From the listing below, output only the lines starting at the line that has "198.19092410000002 102.4580398 -26)" and ending at the line that has "-(gr_line (start 126.1483667", exactly as they appear, ends included.
Top of Input data
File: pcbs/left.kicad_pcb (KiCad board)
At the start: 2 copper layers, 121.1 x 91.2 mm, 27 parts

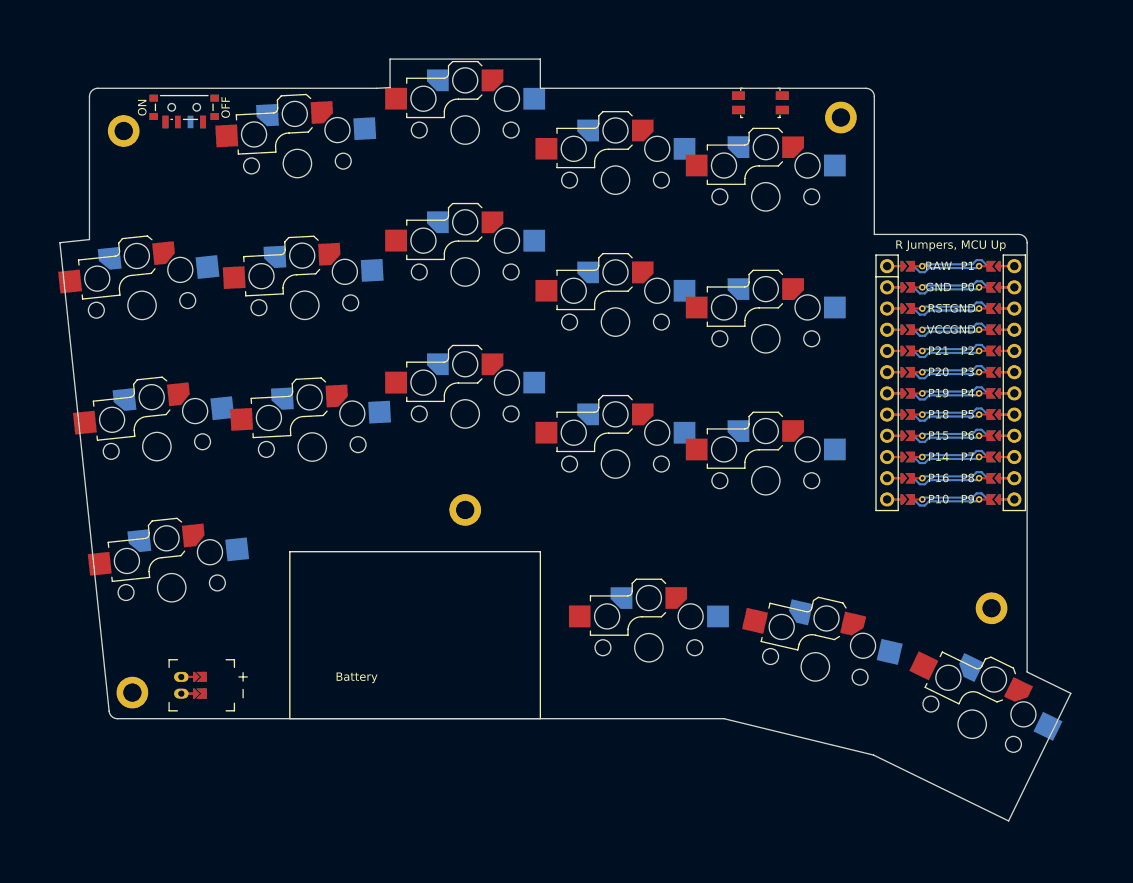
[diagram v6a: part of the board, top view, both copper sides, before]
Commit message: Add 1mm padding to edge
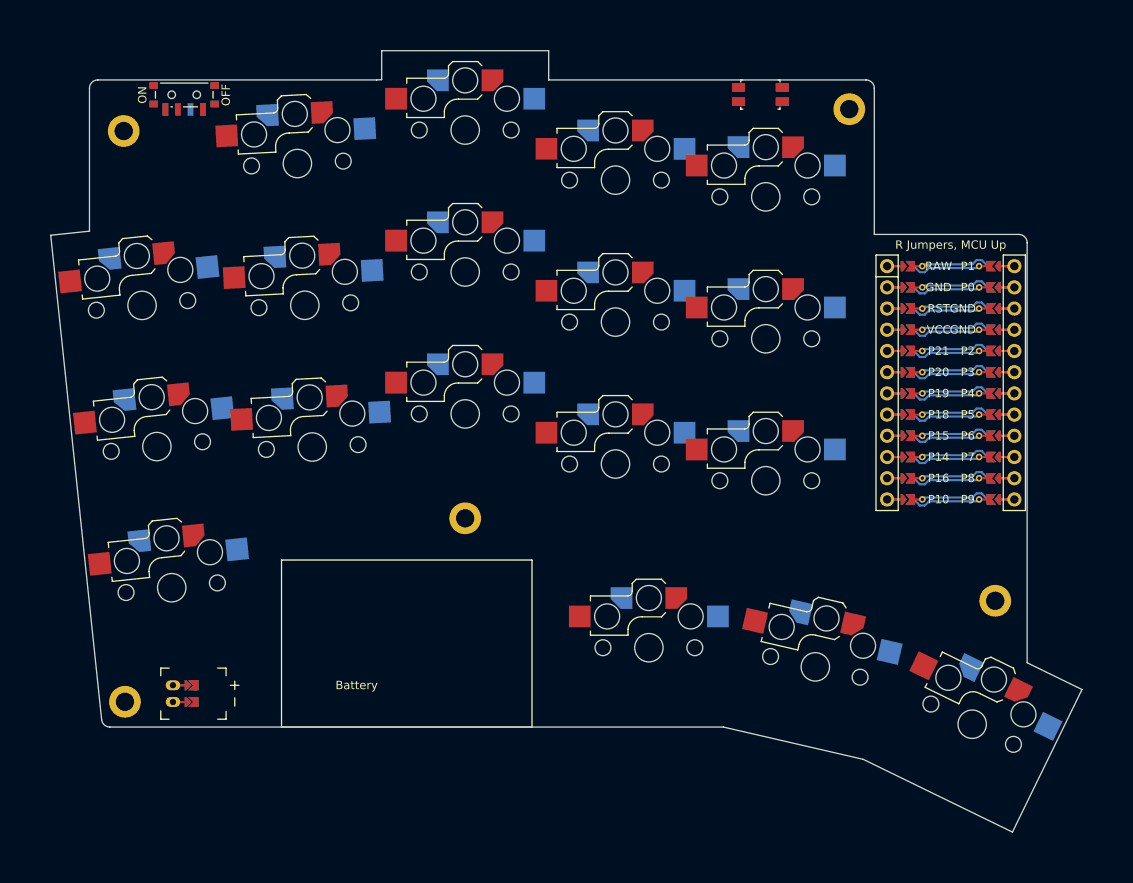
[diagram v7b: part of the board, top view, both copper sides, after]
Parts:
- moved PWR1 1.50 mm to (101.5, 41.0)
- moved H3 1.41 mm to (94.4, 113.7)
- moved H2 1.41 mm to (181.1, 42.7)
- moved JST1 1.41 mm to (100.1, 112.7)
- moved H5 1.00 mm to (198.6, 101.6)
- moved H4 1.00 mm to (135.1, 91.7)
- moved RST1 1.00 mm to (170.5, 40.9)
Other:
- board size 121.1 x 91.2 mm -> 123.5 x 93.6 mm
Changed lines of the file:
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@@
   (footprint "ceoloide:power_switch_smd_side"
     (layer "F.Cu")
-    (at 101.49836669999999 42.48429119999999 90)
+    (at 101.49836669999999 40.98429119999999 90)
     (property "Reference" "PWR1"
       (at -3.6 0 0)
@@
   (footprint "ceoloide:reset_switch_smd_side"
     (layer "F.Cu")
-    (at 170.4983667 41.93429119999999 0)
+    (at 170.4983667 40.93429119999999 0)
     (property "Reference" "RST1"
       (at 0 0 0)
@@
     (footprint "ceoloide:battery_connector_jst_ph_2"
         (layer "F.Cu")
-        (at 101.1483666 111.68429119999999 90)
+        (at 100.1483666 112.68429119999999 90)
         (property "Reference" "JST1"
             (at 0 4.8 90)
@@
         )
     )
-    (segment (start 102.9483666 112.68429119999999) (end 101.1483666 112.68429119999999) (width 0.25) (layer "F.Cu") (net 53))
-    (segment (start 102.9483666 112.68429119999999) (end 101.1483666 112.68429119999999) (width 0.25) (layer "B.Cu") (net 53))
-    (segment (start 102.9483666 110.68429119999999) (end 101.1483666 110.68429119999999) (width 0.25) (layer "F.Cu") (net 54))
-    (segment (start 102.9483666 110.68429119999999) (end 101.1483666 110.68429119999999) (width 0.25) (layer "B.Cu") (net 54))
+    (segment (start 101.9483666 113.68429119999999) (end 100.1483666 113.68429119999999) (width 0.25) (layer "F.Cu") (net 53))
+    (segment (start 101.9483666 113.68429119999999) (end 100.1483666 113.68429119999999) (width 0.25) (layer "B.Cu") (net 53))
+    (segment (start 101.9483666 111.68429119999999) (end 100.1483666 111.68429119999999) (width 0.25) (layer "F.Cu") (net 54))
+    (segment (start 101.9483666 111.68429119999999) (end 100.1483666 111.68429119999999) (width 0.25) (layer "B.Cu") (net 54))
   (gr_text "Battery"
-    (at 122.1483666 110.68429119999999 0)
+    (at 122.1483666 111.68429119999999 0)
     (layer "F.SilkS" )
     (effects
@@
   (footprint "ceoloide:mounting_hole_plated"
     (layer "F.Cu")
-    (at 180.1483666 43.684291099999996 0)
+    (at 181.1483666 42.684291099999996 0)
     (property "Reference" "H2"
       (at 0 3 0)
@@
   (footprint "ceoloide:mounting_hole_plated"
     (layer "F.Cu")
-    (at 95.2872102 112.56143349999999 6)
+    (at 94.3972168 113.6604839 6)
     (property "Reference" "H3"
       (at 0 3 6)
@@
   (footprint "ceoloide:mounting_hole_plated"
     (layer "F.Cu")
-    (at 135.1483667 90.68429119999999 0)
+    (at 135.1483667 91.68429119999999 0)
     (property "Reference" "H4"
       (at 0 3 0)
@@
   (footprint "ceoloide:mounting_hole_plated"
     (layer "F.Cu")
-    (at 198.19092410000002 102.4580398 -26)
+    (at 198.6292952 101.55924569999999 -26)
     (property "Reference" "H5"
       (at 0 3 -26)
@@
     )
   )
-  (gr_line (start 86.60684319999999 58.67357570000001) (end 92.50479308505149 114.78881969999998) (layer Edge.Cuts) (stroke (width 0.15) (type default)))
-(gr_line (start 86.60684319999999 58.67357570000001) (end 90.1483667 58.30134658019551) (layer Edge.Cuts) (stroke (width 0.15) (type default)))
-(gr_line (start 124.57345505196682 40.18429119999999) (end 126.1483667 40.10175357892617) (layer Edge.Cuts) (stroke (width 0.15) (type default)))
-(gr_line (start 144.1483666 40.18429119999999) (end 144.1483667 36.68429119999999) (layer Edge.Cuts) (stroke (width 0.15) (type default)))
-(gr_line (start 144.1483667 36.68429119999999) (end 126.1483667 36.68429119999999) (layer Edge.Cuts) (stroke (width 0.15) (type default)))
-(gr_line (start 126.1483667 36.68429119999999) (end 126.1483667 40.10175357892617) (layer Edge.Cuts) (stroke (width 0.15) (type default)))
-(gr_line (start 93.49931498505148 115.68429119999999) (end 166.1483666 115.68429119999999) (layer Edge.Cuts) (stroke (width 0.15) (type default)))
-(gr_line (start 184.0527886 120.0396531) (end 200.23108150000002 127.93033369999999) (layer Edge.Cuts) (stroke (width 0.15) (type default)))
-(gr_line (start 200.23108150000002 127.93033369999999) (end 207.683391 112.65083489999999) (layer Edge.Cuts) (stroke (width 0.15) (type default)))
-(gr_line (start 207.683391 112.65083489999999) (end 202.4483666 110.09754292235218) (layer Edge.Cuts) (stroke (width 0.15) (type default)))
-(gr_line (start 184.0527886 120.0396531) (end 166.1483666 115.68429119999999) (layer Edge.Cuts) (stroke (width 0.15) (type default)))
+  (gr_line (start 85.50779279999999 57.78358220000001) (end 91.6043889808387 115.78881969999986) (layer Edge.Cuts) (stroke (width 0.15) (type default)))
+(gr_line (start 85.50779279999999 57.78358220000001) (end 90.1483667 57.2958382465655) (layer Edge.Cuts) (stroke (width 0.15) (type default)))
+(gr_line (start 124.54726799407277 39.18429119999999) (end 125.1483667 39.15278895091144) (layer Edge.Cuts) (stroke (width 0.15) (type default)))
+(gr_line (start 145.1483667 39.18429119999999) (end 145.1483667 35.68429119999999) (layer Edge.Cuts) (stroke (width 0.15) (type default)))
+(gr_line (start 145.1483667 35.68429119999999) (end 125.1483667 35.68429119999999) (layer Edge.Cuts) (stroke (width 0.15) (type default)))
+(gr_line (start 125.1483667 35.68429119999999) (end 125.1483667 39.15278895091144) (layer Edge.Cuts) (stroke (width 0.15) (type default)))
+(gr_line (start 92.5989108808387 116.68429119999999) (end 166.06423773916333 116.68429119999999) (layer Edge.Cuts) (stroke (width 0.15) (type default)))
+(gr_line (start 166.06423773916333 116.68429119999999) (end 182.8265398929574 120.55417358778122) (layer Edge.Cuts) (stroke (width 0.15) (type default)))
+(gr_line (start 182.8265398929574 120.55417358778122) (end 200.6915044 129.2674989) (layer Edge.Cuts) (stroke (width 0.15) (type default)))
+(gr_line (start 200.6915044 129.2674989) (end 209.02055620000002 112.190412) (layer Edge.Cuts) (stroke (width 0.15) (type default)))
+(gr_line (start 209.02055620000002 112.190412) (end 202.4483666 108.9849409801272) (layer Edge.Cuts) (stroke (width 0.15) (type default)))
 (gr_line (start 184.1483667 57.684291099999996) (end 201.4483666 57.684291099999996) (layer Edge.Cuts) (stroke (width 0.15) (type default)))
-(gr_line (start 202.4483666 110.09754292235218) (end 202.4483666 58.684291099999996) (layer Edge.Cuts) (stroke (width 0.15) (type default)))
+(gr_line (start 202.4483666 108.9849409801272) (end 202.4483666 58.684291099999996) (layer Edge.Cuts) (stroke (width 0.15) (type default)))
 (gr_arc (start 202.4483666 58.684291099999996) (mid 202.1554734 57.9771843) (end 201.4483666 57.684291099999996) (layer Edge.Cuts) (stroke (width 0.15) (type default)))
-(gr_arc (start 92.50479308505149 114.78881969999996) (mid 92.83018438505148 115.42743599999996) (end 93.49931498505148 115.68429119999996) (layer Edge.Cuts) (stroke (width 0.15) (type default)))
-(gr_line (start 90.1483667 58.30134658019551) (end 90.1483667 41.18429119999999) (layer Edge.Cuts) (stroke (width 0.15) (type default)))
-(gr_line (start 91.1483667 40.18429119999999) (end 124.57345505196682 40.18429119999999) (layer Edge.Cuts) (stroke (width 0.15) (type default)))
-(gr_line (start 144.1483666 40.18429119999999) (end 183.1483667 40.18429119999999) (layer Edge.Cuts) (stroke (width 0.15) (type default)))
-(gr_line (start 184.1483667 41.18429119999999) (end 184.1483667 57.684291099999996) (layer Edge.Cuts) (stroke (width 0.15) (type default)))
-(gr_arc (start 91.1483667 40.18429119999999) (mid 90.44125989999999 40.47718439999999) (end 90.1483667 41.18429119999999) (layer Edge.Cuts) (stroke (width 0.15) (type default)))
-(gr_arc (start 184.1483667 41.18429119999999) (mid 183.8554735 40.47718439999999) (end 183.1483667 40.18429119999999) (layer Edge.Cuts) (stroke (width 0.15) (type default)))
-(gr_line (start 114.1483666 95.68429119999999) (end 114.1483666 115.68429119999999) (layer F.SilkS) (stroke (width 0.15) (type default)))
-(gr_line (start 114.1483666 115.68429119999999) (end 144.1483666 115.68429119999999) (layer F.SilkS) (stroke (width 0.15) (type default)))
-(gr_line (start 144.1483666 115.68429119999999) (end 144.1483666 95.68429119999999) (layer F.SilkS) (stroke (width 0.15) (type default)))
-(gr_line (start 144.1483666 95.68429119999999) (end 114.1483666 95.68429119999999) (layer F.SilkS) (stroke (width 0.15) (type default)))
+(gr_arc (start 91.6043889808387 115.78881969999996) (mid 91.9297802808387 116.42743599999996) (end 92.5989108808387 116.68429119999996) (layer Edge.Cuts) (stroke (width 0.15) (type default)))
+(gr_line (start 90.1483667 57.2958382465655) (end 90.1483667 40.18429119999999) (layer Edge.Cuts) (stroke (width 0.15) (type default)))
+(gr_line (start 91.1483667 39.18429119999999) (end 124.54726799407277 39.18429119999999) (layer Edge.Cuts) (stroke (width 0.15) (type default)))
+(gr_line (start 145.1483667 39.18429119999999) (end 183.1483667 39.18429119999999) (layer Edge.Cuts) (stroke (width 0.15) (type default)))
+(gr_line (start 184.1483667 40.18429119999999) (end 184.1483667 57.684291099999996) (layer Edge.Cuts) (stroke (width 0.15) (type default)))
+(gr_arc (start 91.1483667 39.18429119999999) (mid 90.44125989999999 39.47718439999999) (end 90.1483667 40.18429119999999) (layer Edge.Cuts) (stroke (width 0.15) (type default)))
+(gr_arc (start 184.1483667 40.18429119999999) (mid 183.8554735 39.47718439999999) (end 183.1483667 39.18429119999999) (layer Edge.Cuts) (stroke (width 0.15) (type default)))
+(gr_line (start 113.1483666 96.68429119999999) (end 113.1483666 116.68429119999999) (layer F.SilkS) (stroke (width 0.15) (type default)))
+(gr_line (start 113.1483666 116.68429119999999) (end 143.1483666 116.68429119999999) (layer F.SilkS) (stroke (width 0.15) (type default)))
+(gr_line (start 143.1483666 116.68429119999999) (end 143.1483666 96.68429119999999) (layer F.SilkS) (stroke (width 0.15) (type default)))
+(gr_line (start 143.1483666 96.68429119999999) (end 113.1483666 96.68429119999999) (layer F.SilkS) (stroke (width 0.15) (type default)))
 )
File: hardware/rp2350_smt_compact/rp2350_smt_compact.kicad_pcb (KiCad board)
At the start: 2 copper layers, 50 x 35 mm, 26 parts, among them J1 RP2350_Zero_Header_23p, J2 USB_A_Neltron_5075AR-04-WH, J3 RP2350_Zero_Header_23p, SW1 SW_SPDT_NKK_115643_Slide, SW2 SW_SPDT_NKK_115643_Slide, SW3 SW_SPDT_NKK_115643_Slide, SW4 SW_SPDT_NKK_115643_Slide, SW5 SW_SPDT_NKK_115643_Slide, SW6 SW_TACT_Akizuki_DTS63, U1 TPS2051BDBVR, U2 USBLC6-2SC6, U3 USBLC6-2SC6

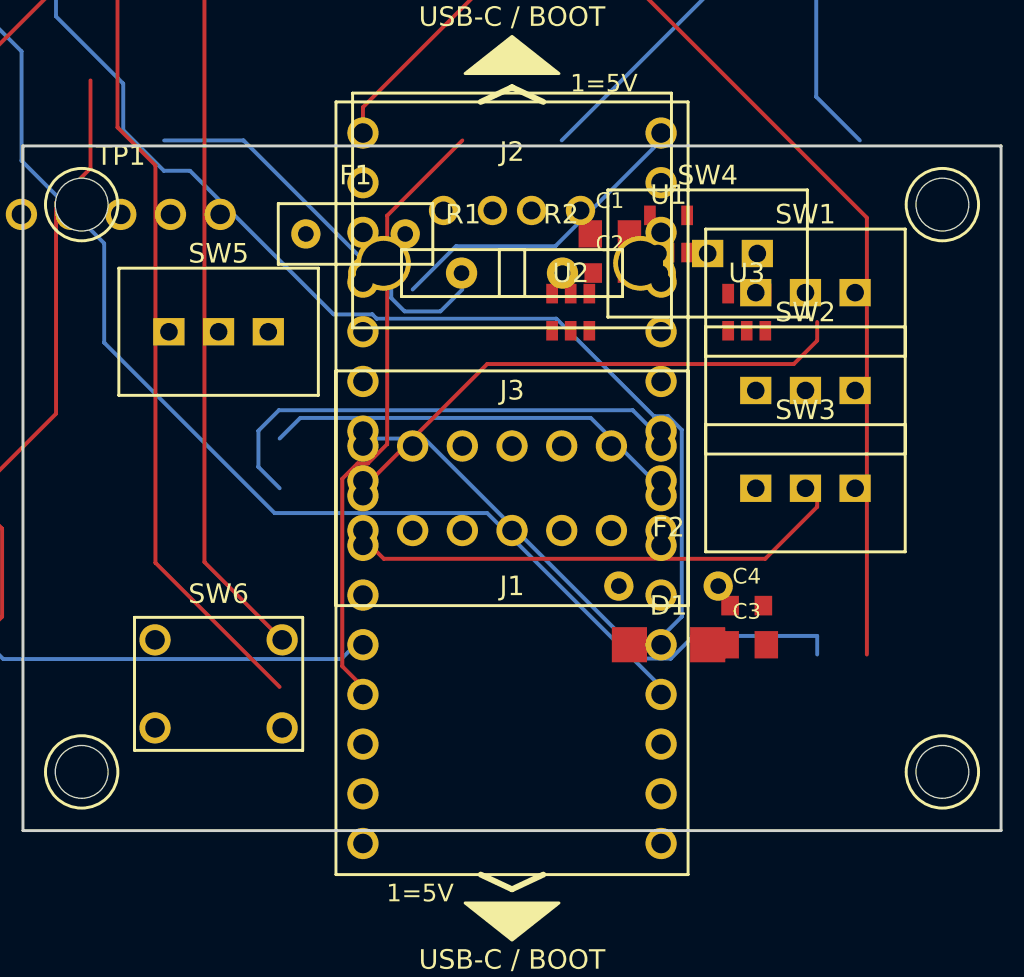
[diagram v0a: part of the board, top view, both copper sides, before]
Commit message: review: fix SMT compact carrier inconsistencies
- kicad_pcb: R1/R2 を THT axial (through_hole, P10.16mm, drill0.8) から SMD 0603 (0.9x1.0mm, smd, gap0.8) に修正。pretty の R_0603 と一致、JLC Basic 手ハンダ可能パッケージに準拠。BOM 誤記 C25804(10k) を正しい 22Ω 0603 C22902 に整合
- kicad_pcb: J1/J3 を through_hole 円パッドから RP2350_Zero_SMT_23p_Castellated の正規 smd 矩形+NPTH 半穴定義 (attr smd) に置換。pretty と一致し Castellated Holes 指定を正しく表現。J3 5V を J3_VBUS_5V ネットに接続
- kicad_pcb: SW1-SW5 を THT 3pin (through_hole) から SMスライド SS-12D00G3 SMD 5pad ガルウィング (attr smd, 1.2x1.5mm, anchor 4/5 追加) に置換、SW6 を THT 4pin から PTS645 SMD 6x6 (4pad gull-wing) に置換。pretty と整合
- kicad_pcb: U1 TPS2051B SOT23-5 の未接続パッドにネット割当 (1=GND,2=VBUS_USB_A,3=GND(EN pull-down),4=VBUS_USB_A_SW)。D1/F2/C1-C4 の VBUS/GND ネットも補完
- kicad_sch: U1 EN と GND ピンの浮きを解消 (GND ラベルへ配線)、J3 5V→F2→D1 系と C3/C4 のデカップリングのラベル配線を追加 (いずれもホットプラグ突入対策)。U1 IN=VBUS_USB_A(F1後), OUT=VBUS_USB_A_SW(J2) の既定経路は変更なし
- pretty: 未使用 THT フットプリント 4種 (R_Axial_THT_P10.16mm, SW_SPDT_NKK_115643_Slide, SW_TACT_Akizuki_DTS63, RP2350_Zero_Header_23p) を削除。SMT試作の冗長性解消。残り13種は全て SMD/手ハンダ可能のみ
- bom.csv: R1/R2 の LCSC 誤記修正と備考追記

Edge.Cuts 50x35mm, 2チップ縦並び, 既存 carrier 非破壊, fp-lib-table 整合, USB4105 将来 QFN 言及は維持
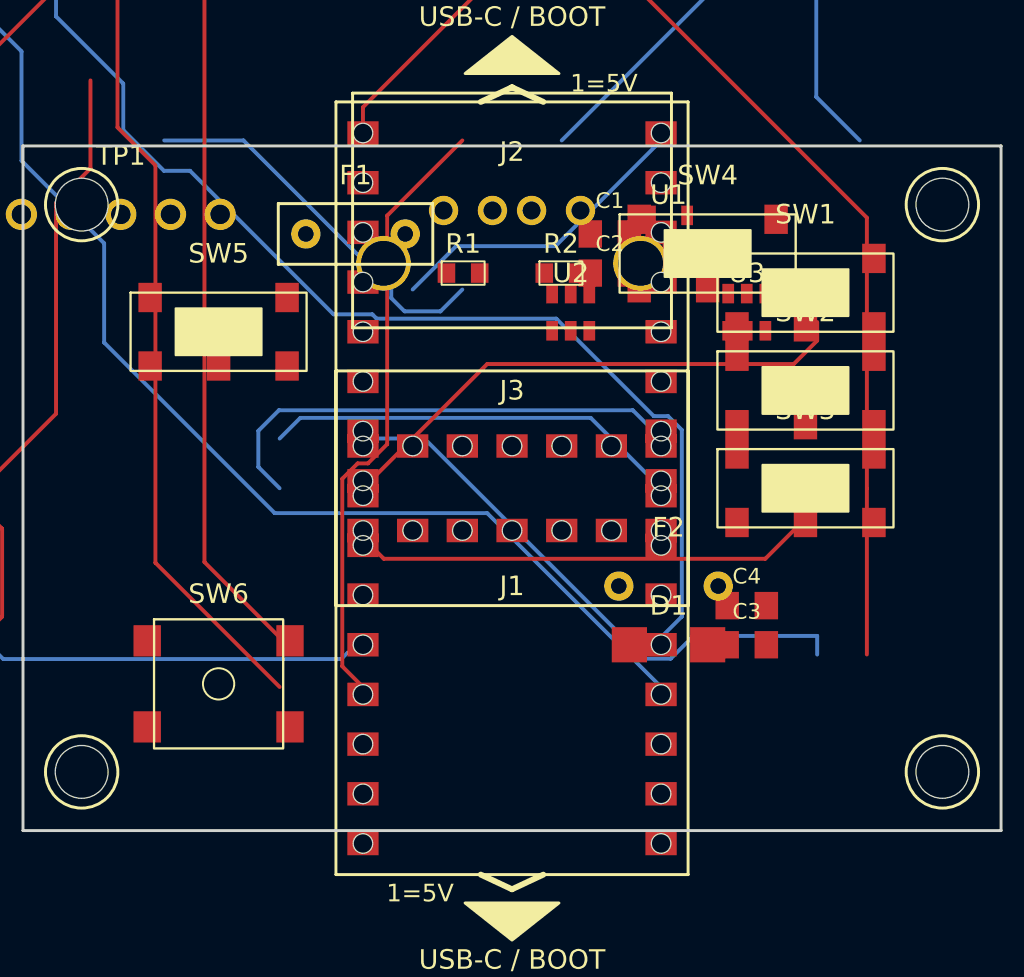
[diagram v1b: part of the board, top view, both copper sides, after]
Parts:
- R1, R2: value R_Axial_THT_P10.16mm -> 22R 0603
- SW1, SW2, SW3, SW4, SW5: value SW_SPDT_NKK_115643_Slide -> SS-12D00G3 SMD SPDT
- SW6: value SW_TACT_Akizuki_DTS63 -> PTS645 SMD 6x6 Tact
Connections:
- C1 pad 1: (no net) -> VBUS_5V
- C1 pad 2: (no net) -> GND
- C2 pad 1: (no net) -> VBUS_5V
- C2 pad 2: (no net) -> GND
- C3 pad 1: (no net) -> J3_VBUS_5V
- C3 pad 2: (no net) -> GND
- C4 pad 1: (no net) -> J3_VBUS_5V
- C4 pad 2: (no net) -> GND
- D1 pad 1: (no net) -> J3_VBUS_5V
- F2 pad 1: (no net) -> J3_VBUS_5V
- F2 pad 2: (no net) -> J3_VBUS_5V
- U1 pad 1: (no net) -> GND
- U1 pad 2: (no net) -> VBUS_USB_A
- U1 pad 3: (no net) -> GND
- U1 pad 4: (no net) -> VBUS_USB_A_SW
Bottom of Input data
● **Finished exercise**:
-    (at 198.19092410000002 102.4580398 -26)
+    (at 198.6292952 101.55924569999999 -26)
     (property "Reference" "H5"
       (at 0 3 -26)
@@
     )
   )
-  (gr_line (start 86.60684319999999 58.67357570000001) (end 92.50479308505149 114.78881969999998) (layer Edge.Cuts) (stroke (width 0.15) (type default)))
-(gr_line (start 86.60684319999999 58.67357570000001) (end 90.1483667 58.30134658019551) (layer Edge.Cuts) (stroke (width 0.15) (type default)))
-(gr_line (start 124.57345505196682 40.18429119999999) (end 126.1483667 40.10175357892617) (layer Edge.Cuts) (stroke (width 0.15) (type default)))
-(gr_line (start 144.1483666 40.18429119999999) (end 144.1483667 36.68429119999999) (layer Edge.Cuts) (stroke (width 0.15) (type default)))
-(gr_line (start 144.1483667 36.68429119999999) (end 126.1483667 36.68429119999999) (layer Edge.Cuts) (stroke (width 0.15) (type default)))
-(gr_line (start 126.1483667 36.68429119999999) (end 126.1483667 40.10175357892617) (layer Edge.Cuts) (stroke (width 0.15) (type default)))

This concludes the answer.